Aquel sellador de sangre había aparecido corriendo el otro día, como asustado por llegar tarde para reponer su marca. Sus ropas olían a alcohol. Estaba disfrutando de la hospitalidad de palacio. Si Shai pudiera lograr que llegara temprano una mañana, y asegurarse de que se emborrachara como una cuba esa noche…

Las montañas de los arietes rodeaban Dzhamar, donde se hallaban los pantanos de los selladores de sangre. El odio mutuo que se profesaban era intenso, quizá más intenso que su lealtad al imperio. Varios arietes en concreto parecían asqueados cuando entraba el sellador de sangre. Shai había empezado a hacerse amiga de esos guardias. Alguna que otra broma. Menciones a alguna coincidencia entre su pasado y el de ellos. Se suponía que los arietes no podían hablar con Shai, pero habían transcurrido semanas sin que ella hiciera otra cosa que repasar libros y charlar con viejos árbitros. Los guardias estaban aburridos, y el aburrimiento hacía que la gente fuera fácil de manipular.

Shai tenía acceso a bastante piedra de alma, y la emplearía. Sin embargo, a menudo era mejor utilizar métodos más elementales. La gente siempre esperaba que un falsificador empleara sellos para todo. Los grandes contaban historias de magia negra, de falsificadores que colocaban sellos en los pies de la gente mientras dormían, cambiando sus personalidades, invadiéndolas, violando sus mentes.
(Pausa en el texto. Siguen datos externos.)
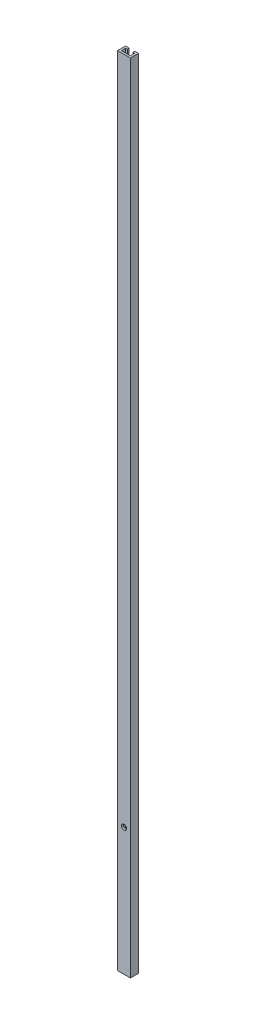
ISO-10303-21;
HEADER;
FILE_DESCRIPTION(('STEP AP214'),'2;1');
FILE_NAME('part.step','',(''),(''),'','','');
FILE_SCHEMA(('AUTOMOTIVE_DESIGN { 1 0 10303 214 1 1 1 1 }'));
ENDSEC;
DATA;
#1=APPLICATION_CONTEXT('core data for automotive mechanical design processes');
#2=APPLICATION_PROTOCOL_DEFINITION('international standard','automotive_design',2000,#1);
#3=PRODUCT_CONTEXT('',#1,'mechanical');
#4=PRODUCT('Part','Part','',(#3));
#5=PRODUCT_RELATED_PRODUCT_CATEGORY('part','',(#4));
#6=PRODUCT_DEFINITION_FORMATION('','',#4);
#7=PRODUCT_DEFINITION_CONTEXT('part definition',#1,'design');
#8=PRODUCT_DEFINITION('design','',#6,#7);
#9=PRODUCT_DEFINITION_SHAPE('','',#8);
#10=(LENGTH_UNIT() NAMED_UNIT(*) SI_UNIT(.MILLI.,.METRE.));
#11=(NAMED_UNIT(*) PLANE_ANGLE_UNIT() SI_UNIT($,.RADIAN.));
#12=(NAMED_UNIT(*) SI_UNIT($,.STERADIAN.) SOLID_ANGLE_UNIT());
#13=UNCERTAINTY_MEASURE_WITH_UNIT(LENGTH_MEASURE(1.E-05),#10,'distance_accuracy_value','');
#14=(GEOMETRIC_REPRESENTATION_CONTEXT(3) GLOBAL_UNCERTAINTY_ASSIGNED_CONTEXT((#13)) GLOBAL_UNIT_ASSIGNED_CONTEXT((#10,
#11,#12)) REPRESENTATION_CONTEXT('',''));
#15=CARTESIAN_POINT('',(0.,0.,0.));
#16=DIRECTION('',(0.,0.,1.));
#17=DIRECTION('',(1.,0.,0.));
#18=AXIS2_PLACEMENT_3D('',#15,#16,#17);
#19=CARTESIAN_POINT('',(0.,500.,0.));
#20=DIRECTION('',(1.,0.,0.));
#21=DIRECTION('',(0.,0.,-1.));
#22=AXIS2_PLACEMENT_3D('',#19,#20,#21);
#23=PLANE('',#22);
#24=DIRECTION('',(0.,0.,1.));
#25=VECTOR('',#24,1.);
#26=CARTESIAN_POINT('',(0.,0.,0.));
#27=LINE('',#26,#25);
#28=CARTESIAN_POINT('',(0.,0.,0.));
#29=VERTEX_POINT('',#28);
#30=CARTESIAN_POINT('',(0.,0.,5.));
#31=VERTEX_POINT('',#30);
#32=EDGE_CURVE('E156',#29,#31,#27,.T.);
#33=ORIENTED_EDGE('',*,*,#32,.T.);
#34=DIRECTION('',(0.,-1.,0.));
#35=VECTOR('',#34,1.);
#36=CARTESIAN_POINT('',(0.,500.,5.));
#37=LINE('',#36,#35);
#38=CARTESIAN_POINT('',(0.,500.,5.));
#39=VERTEX_POINT('',#38);
#40=EDGE_CURVE('E11',#39,#31,#37,.T.);
#41=ORIENTED_EDGE('',*,*,#40,.F.);
#42=DIRECTION('',(0.,0.,1.));
#43=VECTOR('',#42,1.);
#44=CARTESIAN_POINT('',(0.,500.,0.));
#45=LINE('',#44,#43);
#46=CARTESIAN_POINT('',(0.,500.,0.));
#47=VERTEX_POINT('',#46);
#48=EDGE_CURVE('E179',#47,#39,#45,.T.);
#49=ORIENTED_EDGE('',*,*,#48,.F.);
#50=DIRECTION('',(0.,-1.,0.));
#51=VECTOR('',#50,1.);
#52=CARTESIAN_POINT('',(0.,500.,0.));
#53=LINE('',#52,#51);
#54=EDGE_CURVE('E152',#47,#29,#53,.T.);
#55=ORIENTED_EDGE('',*,*,#54,.T.);
#56=EDGE_LOOP('',(#33,#41,#49,#55));
#57=FACE_BOUND('',#56,.T.);
#58=ADVANCED_FACE('F36',(#57),#23,.F.);
#59=CARTESIAN_POINT('',(0.,500.,5.));
#60=DIRECTION('',(0.,0.,-1.));
#61=DIRECTION('',(-1.,0.,0.));
#62=AXIS2_PLACEMENT_3D('',#59,#60,#61);
#63=PLANE('',#62);
#64=CARTESIAN_POINT('',(3.99999999999999,80.,5.));
#65=DIRECTION('',(0.,0.,1.));
#66=DIRECTION('',(1.,0.,0.));
#67=AXIS2_PLACEMENT_3D('',#64,#65,#66);
#68=CIRCLE('',#67,1.60000000000001);
#69=CARTESIAN_POINT('',(5.6,80.,5.));
#70=VERTEX_POINT('',#69);
#71=EDGE_CURVE('E343',#70,#70,#68,.T.);
#72=ORIENTED_EDGE('',*,*,#71,.F.);
#73=EDGE_LOOP('',(#72));
#74=FACE_BOUND('',#73,.T.);
#75=DIRECTION('',(1.,0.,0.));
#76=VECTOR('',#75,1.);
#77=CARTESIAN_POINT('',(0.,0.,5.));
#78=LINE('',#77,#76);
#79=CARTESIAN_POINT('',(8.,0.,5.));
#80=VERTEX_POINT('',#79);
#81=EDGE_CURVE('E159',#31,#80,#78,.T.);
#82=ORIENTED_EDGE('',*,*,#81,.T.);
#83=DIRECTION('',(0.,-1.,0.));
#84=VECTOR('',#83,1.);
#85=CARTESIAN_POINT('',(8.,500.,5.));
#86=LINE('',#85,#84);
#87=CARTESIAN_POINT('',(8.,500.,5.));
#88=VERTEX_POINT('',#87);
#89=EDGE_CURVE('E44',#88,#80,#86,.T.);
#90=ORIENTED_EDGE('',*,*,#89,.F.);
#91=DIRECTION('',(1.,0.,0.));
#92=VECTOR('',#91,1.);
#93=CARTESIAN_POINT('',(0.,500.,5.));
#94=LINE('',#93,#92);
#95=EDGE_CURVE('E107',#39,#88,#94,.T.);
#96=ORIENTED_EDGE('',*,*,#95,.F.);
#97=ORIENTED_EDGE('',*,*,#40,.T.);
#98=EDGE_LOOP('',(#82,#90,#96,#97));
#99=FACE_BOUND('',#98,.T.);
#100=ADVANCED_FACE('F257',(#74,#99),#63,.F.);
#101=CARTESIAN_POINT('',(8.,500.,5.));
#102=DIRECTION('',(-1.,0.,0.));
#103=DIRECTION('',(0.,0.,1.));
#104=AXIS2_PLACEMENT_3D('',#101,#102,#103);
#105=PLANE('',#104);
#106=DIRECTION('',(0.,0.,-1.));
#107=VECTOR('',#106,1.);
#108=CARTESIAN_POINT('',(8.,0.,5.));
#109=LINE('',#108,#107);
#110=CARTESIAN_POINT('',(8.,0.,0.));
#111=VERTEX_POINT('',#110);
#112=EDGE_CURVE('E162',#80,#111,#109,.T.);
#113=ORIENTED_EDGE('',*,*,#112,.T.);
#114=DIRECTION('',(0.,-1.,0.));
#115=VECTOR('',#114,1.);
#116=CARTESIAN_POINT('',(8.,500.,0.));
#117=LINE('',#116,#115);
#118=CARTESIAN_POINT('',(8.,500.,0.));
#119=VERTEX_POINT('',#118);
#120=EDGE_CURVE('E198',#119,#111,#117,.T.);
#121=ORIENTED_EDGE('',*,*,#120,.F.);
#122=DIRECTION('',(0.,0.,-1.));
#123=VECTOR('',#122,1.);
#124=CARTESIAN_POINT('',(8.,500.,5.));
#125=LINE('',#124,#123);
#126=EDGE_CURVE('E206',#88,#119,#125,.T.);
#127=ORIENTED_EDGE('',*,*,#126,.F.);
#128=ORIENTED_EDGE('',*,*,#89,.T.);
#129=EDGE_LOOP('',(#113,#121,#127,#128));
#130=FACE_BOUND('',#129,.T.);
#131=ADVANCED_FACE('F204',(#130),#105,.F.);
#132=CARTESIAN_POINT('',(8.,500.,0.));
#133=DIRECTION('',(0.,0.,1.));
#134=DIRECTION('',(1.,0.,0.));
#135=AXIS2_PLACEMENT_3D('',#132,#133,#134);
#136=PLANE('',#135);
#137=DIRECTION('',(-1.,0.,0.));
#138=VECTOR('',#137,1.);
#139=CARTESIAN_POINT('',(8.,0.,0.));
#140=LINE('',#139,#138);
#141=CARTESIAN_POINT('',(5.75,0.,0.));
#142=VERTEX_POINT('',#141);
#143=EDGE_CURVE('E164',#111,#142,#140,.T.);
#144=ORIENTED_EDGE('',*,*,#143,.T.);
#145=DIRECTION('',(0.,-1.,0.));
#146=VECTOR('',#145,1.);
#147=CARTESIAN_POINT('',(5.75,500.,0.));
#148=LINE('',#147,#146);
#149=CARTESIAN_POINT('',(5.75,500.,0.));
#150=VERTEX_POINT('',#149);
#151=EDGE_CURVE('E195',#150,#142,#148,.T.);
#152=ORIENTED_EDGE('',*,*,#151,.F.);
#153=DIRECTION('',(-1.,0.,0.));
#154=VECTOR('',#153,1.);
#155=CARTESIAN_POINT('',(8.,500.,0.));
#156=LINE('',#155,#154);
#157=EDGE_CURVE('E224',#119,#150,#156,.T.);
#158=ORIENTED_EDGE('',*,*,#157,.F.);
#159=ORIENTED_EDGE('',*,*,#120,.T.);
#160=EDGE_LOOP('',(#144,#152,#158,#159));
#161=FACE_BOUND('',#160,.T.);
#162=ADVANCED_FACE('F215',(#161),#136,.F.);
#163=CARTESIAN_POINT('',(5.75,500.,0.));
#164=DIRECTION('',(1.,0.,0.));
#165=DIRECTION('',(0.,0.,-1.));
#166=AXIS2_PLACEMENT_3D('',#163,#164,#165);
#167=PLANE('',#166);
#168=DIRECTION('',(0.,0.,1.));
#169=VECTOR('',#168,1.);
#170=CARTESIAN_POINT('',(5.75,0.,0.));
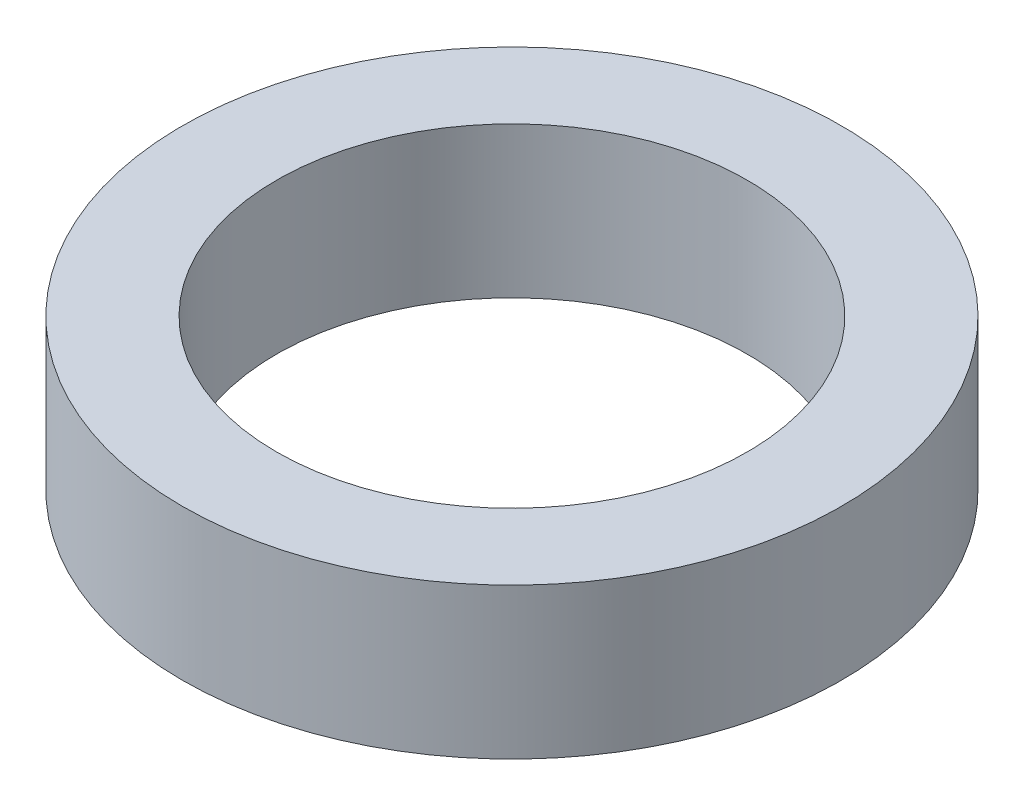
ISO-10303-21;
HEADER;
FILE_DESCRIPTION(('STEP AP214'),'2;1');
FILE_NAME('part.step','',(''),(''),'','','');
FILE_SCHEMA(('AUTOMOTIVE_DESIGN { 1 0 10303 214 1 1 1 1 }'));
ENDSEC;
DATA;
#1=APPLICATION_CONTEXT('core data for automotive mechanical design processes');
#2=APPLICATION_PROTOCOL_DEFINITION('international standard','automotive_design',2000,#1);
#3=PRODUCT_CONTEXT('',#1,'mechanical');
#4=PRODUCT('Part','Part','',(#3));
#5=PRODUCT_RELATED_PRODUCT_CATEGORY('part','',(#4));
#6=PRODUCT_DEFINITION_FORMATION('','',#4);
#7=PRODUCT_DEFINITION_CONTEXT('part definition',#1,'design');
#8=PRODUCT_DEFINITION('design','',#6,#7);
#9=PRODUCT_DEFINITION_SHAPE('','',#8);
#10=(LENGTH_UNIT() NAMED_UNIT(*) SI_UNIT(.MILLI.,.METRE.));
#11=(NAMED_UNIT(*) PLANE_ANGLE_UNIT() SI_UNIT($,.RADIAN.));
#12=(NAMED_UNIT(*) SI_UNIT($,.STERADIAN.) SOLID_ANGLE_UNIT());
#13=UNCERTAINTY_MEASURE_WITH_UNIT(LENGTH_MEASURE(1.E-05),#10,'distance_accuracy_value','');
#14=(GEOMETRIC_REPRESENTATION_CONTEXT(3) GLOBAL_UNCERTAINTY_ASSIGNED_CONTEXT((#13)) GLOBAL_UNIT_ASSIGNED_CONTEXT((#10,
#11,#12)) REPRESENTATION_CONTEXT('',''));
#15=CARTESIAN_POINT('',(0.,0.,0.));
#16=DIRECTION('',(0.,0.,1.));
#17=DIRECTION('',(1.,0.,0.));
#18=AXIS2_PLACEMENT_3D('',#15,#16,#17);
#19=CARTESIAN_POINT('',(0.,2.54,0.));
#20=DIRECTION('',(0.,-1.,0.));
#21=DIRECTION('',(0.,0.,-1.));
#22=AXIS2_PLACEMENT_3D('',#19,#20,#21);
#23=CYLINDRICAL_SURFACE('',#22,3.96875);
#24=CARTESIAN_POINT('',(0.,2.54,0.));
#25=DIRECTION('',(0.,1.,0.));
#26=DIRECTION('',(0.,0.,1.));
#27=AXIS2_PLACEMENT_3D('',#24,#25,#26);
#28=CIRCLE('',#27,3.96875);
#29=CARTESIAN_POINT('',(0.,2.54,3.96875));
#30=VERTEX_POINT('',#29);
#31=EDGE_CURVE('E63',#30,#30,#28,.T.);
#32=ORIENTED_EDGE('',*,*,#31,.T.);
#33=EDGE_LOOP('',(#32));
#34=FACE_BOUND('',#33,.T.);
#35=CARTESIAN_POINT('',(0.,0.,0.));
#36=DIRECTION('',(0.,1.,0.));
#37=DIRECTION('',(0.,0.,1.));
#38=AXIS2_PLACEMENT_3D('',#35,#36,#37);
#39=CIRCLE('',#38,3.96875);
#40=CARTESIAN_POINT('',(0.,0.,3.96875));
#41=VERTEX_POINT('',#40);
#42=EDGE_CURVE('E70',#41,#41,#39,.T.);
#43=ORIENTED_EDGE('',*,*,#42,.F.);
#44=EDGE_LOOP('',(#43));
#45=FACE_BOUND('',#44,.T.);
#46=ADVANCED_FACE('F55',(#34,#45),#23,.F.);
#47=CARTESIAN_POINT('',(0.,0.,0.));
#48=DIRECTION('',(0.,1.,0.));
#49=DIRECTION('',(0.,0.,1.));
#50=AXIS2_PLACEMENT_3D('',#47,#48,#49);
#51=PLANE('',#50);
#52=ORIENTED_EDGE('',*,*,#42,.T.);
#53=EDGE_LOOP('',(#52));
#54=FACE_BOUND('',#53,.T.);
#55=CARTESIAN_POINT('',(0.,0.,0.));
#56=DIRECTION('',(0.,1.,0.));
#57=DIRECTION('',(0.,0.,1.));
#58=AXIS2_PLACEMENT_3D('',#55,#56,#57);
#59=CIRCLE('',#58,5.55625);
#60=CARTESIAN_POINT('',(0.,0.,5.55625));
#61=VERTEX_POINT('',#60);
#62=EDGE_CURVE('E58',#61,#61,#59,.T.);
#63=ORIENTED_EDGE('',*,*,#62,.F.);
#64=EDGE_LOOP('',(#63));
#65=FACE_BOUND('',#64,.T.);
#66=ADVANCED_FACE('F81',(#54,#65),#51,.F.);
#67=CARTESIAN_POINT('',(0.,2.54,0.));
#68=DIRECTION('',(0.,-1.,0.));
#69=DIRECTION('',(0.,0.,-1.));
#70=AXIS2_PLACEMENT_3D('',#67,#68,#69);
#71=CYLINDRICAL_SURFACE('',#70,5.55625);
#72=CARTESIAN_POINT('',(0.,2.54,0.));
#73=DIRECTION('',(0.,1.,0.));
#74=DIRECTION('',(0.,0.,1.));
#75=AXIS2_PLACEMENT_3D('',#72,#73,#74);
#76=CIRCLE('',#75,5.55625);
#77=CARTESIAN_POINT('',(0.,2.54,5.55625));
#78=VERTEX_POINT('',#77);
#79=EDGE_CURVE('E11',#78,#78,#76,.T.);
#80=ORIENTED_EDGE('',*,*,#79,.F.);
#81=EDGE_LOOP('',(#80));
#82=FACE_BOUND('',#81,.T.);
#83=ORIENTED_EDGE('',*,*,#62,.T.);
#84=EDGE_LOOP('',(#83));
#85=FACE_BOUND('',#84,.T.);
#86=ADVANCED_FACE('F79',(#82,#85),#71,.T.);
#87=CARTESIAN_POINT('',(0.,2.54,0.));
#88=DIRECTION('',(0.,1.,0.));
#89=DIRECTION('',(0.,0.,1.));
#90=AXIS2_PLACEMENT_3D('',#87,#88,#89);
#91=PLANE('',#90);
#92=ORIENTED_EDGE('',*,*,#31,.F.);
#93=EDGE_LOOP('',(#92));
#94=FACE_BOUND('',#93,.T.);
#95=ORIENTED_EDGE('',*,*,#79,.T.);
#96=EDGE_LOOP('',(#95));
#97=FACE_BOUND('',#96,.T.);
#98=ADVANCED_FACE('F88',(#94,#97),#91,.T.);
#99=CLOSED_SHELL('',(#46,#66,#86,#98));
#100=MANIFOLD_SOLID_BREP('B2',#99);
#101=ADVANCED_BREP_SHAPE_REPRESENTATION('',(#18,#100),#14);
#102=SHAPE_DEFINITION_REPRESENTATION(#9,#101);
ENDSEC;
END-ISO-10303-21;

La verdad era que un sello de alma solía ser el último recurso de un falsificador. Era demasiado fácil de detectar. «Ahora mismo, no me jugaría mi mano derecha por mis Marcas de Esencia…»

Casi sintió la tentación de intentar tallar una nueva marca para usarla en la huida. Pero es lo que ellos estarían esperando, y Shai tendría verdaderos problemas para realizar los cientos de pruebas necesarias para que una funcionara. Los guardias alertarían de que la probaba en su propio brazo, y las pruebas con Gaotona no funcionarían nunca.

Además, utilizar una Marca de Esencia sin haberla probado antes… Bueno, eso podía salir muy, muy mal. No; en sus planes de fuga emplearía sellos de alma, pero para su corazón se requerirían subterfugios más tradicionales.